Присутствовали на консилиуме и несколько лиц хоть и облаченных в белые халаты, но явно не имевших к медицине прямого отношения. Лица исключительной серьезности и внимания, они сидели в углу, внимали каждому слову, но сами молчали, одним только лишь своим присутствием давая понять, что обсуждается дело исключительной государственной важности. «Ланг прав, – подумал Градов, принимая из рук Рагозина папку с записями врачей и результатов анализов, – здесь есть как господа, так и явные товарищи».
– Так каков же ваш вывод, Георгий Федорович? – спросил Рагозин. – Следует ли прибегнуть к радикальной операции?
Ланг почему-то заливался потом, покрывался пятнами, то и дело вынимал большой, набухший уже по краям носовой платок.
– В своей клинике, батеньки мои, я бы такие штучки лечил диетой и минеральной водичкой. Обычно больные...
– Но можем ли мы рисковать?! – вдруг оборвал его Рагозин. – Ведь это не обычный больной!
– Не прерывайте! – вдруг разозлился рыхлый Ланг и хлопнул ладонью по столу. – Для меня все больные обычные!
– Могу я осмотреть наркома? – шепотом спросил Борис Никитич доктора Очкина.
Пока они шли по коридору, за ними непрерывно следовал комполка Вуйнович. Возле дверей на лестничные клетки стояли красноармейцы.
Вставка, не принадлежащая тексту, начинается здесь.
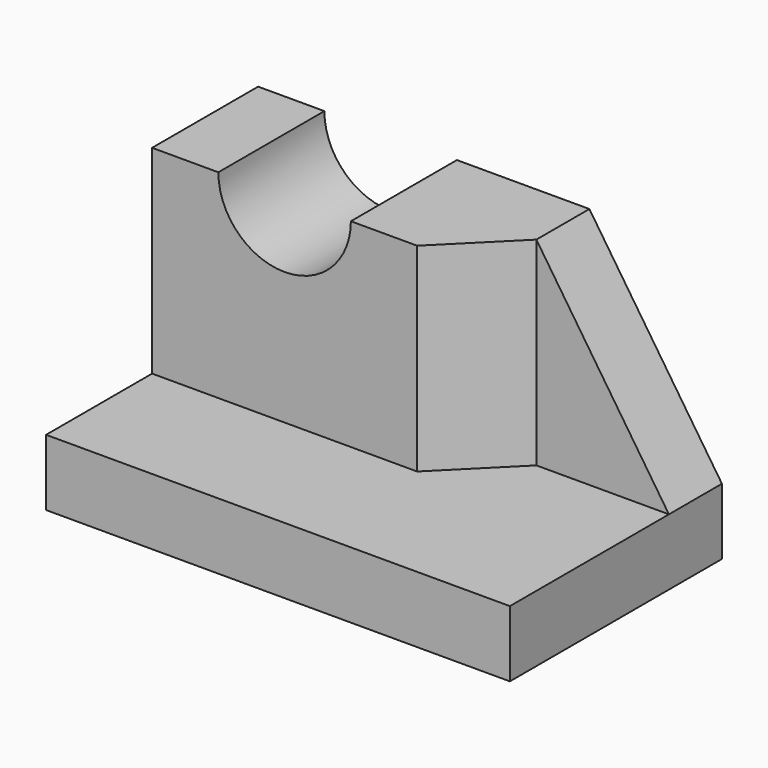
from build123d import *

# Parameters (mm, degrees)
F0_W     = 254
F0_H     = 762
F1_DEPTH = 1016
F2_R     = 254
F3_DEPTH = 1064.26
F5_DEPTH = 508
F7_DEPTH = 254
F9_DEPTH = 762


with BuildPart() as f1:
    # F0 (on Front) → F1 (new body)
    with BuildSketch(Plane.XZ):
        with BuildLine():
            Line((0, 1016), (0, 254))
            Line((0, 254), (1016, 254))
            Line((1016, 254), (1016, 1016))
            Line((1016, 1016), (762, 1016))
            ThreePointArc((762, 1016), (508, 762), (254, 1016))
            Line((254, 1016), (0, 1016))
        make_face()
        Polygon((0, 254), (0, 0), (1778, 0), (1778, 254), (1270, 254), (1016, 254), align=None)
        with Locations((1143, 635)):
            Rectangle(F0_W, F0_H)
        Polygon((1270, 254), (1778, 254), (1270, 1016), align=None)
    extrude(amount=F1_DEPTH)

    # F2 (on face) → F3 (cut)
    with BuildSketch(Plane.XZ.offset(1016)):
        with Locations((508, 1016)):
            Circle(F2_R)
    extrude(amount=-F3_DEPTH, mode=Mode.SUBTRACT)

    # F4 (on face) → F5 (cut)
    with BuildSketch(Plane.XZ.offset(1016)):
        Polygon((1270, 254), (1270, 1016), (254, 1016), (0, 1016), (0, 254), align=None)
        Polygon((1778, 254), (1270, 1016), (1270, 254), align=None)
    extrude(amount=-F5_DEPTH, mode=Mode.SUBTRACT)

    # F6 (on face) → F7 (cut)
    with BuildSketch(Plane.XZ.offset(508)):
        Polygon((1778, 254), (1270, 1016), (1270, 254), align=None)
    extrude(amount=-F7_DEPTH, mode=Mode.SUBTRACT)

    # F8 (on face) → F9 (cut)
    with BuildSketch(Plane.XY.offset(1016)):
        Polygon((1270, -508), (1270, -254), (1016, -508), align=None)
    extrude(amount=-F9_DEPTH, mode=Mode.SUBTRACT)


solid = f1.part

В смежной с палатой Фрунзе комнате профессор Градов заметил висящую на вешалке шинель наркомвоенмора – четыре ромба в петлицах и большая звезда на рукаве.
* * *Между тем на даче в Серебряном Бору происходил один из парадоксов революции: крик сезона танец чарльстон восхищал буржуазный «пожилаж» и возмущал передовую молодежь.
– На хрена нам эта декадентщина, – заявил, например, Нинин друг, марьинорощинский молодчага Семен Стройло. – Эту трясучку капиталисты изобрели, чтобы рябчиков с ананасами растрясать, а пролетариату она без пользы.
– Да там как раз пролетариат-то и чарльстонит, – сказал недавний путешественник Пулково, проехавший после Оксфорда пол-Европы. – Мальчишки и девчонки из низов, да и прочие, всяк, кому не лень.
– Западная блажь, – отмахнулся Стройло здоровенной ладонью с некоторой даже вельможностью.
– А вы, друг мой, что же, «барыню» собираетесь внедрять в пролетарский быт, «камаринского»? – повернулся к спорившим вспыхнувшим моноклем Михаил Афанасьевич Булгаков, само издевательство.
– Нет, нет и нет! – горячо вступилась за друга восемнадцатилетняя Нина. – Революция создает новую эстетику, будут и новые танцы!
– Похожие на старую маршировку? – невинно спросил аспирант на кафедре ее отца Савва Китайгородский, воплощение интеллигентности и хороших манер.
– Не нужно провоцировать, – прогудел Стройло, не глядя на «спеца», но давая ясно понять именно ему, чтобы не зарывался, чтобы не очень-то пялился на Нинку, девка принадлежит победителям.
– Товарищи! Товарищи! – вскричала Нина. Ей так хотелось, чтобы все зажигались от одного огня, а не так, чтобы каждый тлел по-своему. – Ну, подумаешь, чарльстон! Такая ерунда! Ну, что нам это, с наших-то высот! Мы можем быть снисходительными! Мы можем даже танцевать его, ну, как пародию, что ли!
Рывком повернувшись – все движения обрывистые, угловатые, ЛЕФ, новая эстетика, – накрутила патефон, пустила заново пластинку, «Momma, buy me a yellow bonnet», схватила Степу Калистратова, потащила: даешь пародию! «Пародия, пародия», – петухом загоготал поэт и с величайшей охотою стал выбрасывать ноги от коленей вбок, выказывая таким образом полную осведомленность и распахивая классный пиджак, специально для сегодняшнего вечера выкупленный из ломбарда.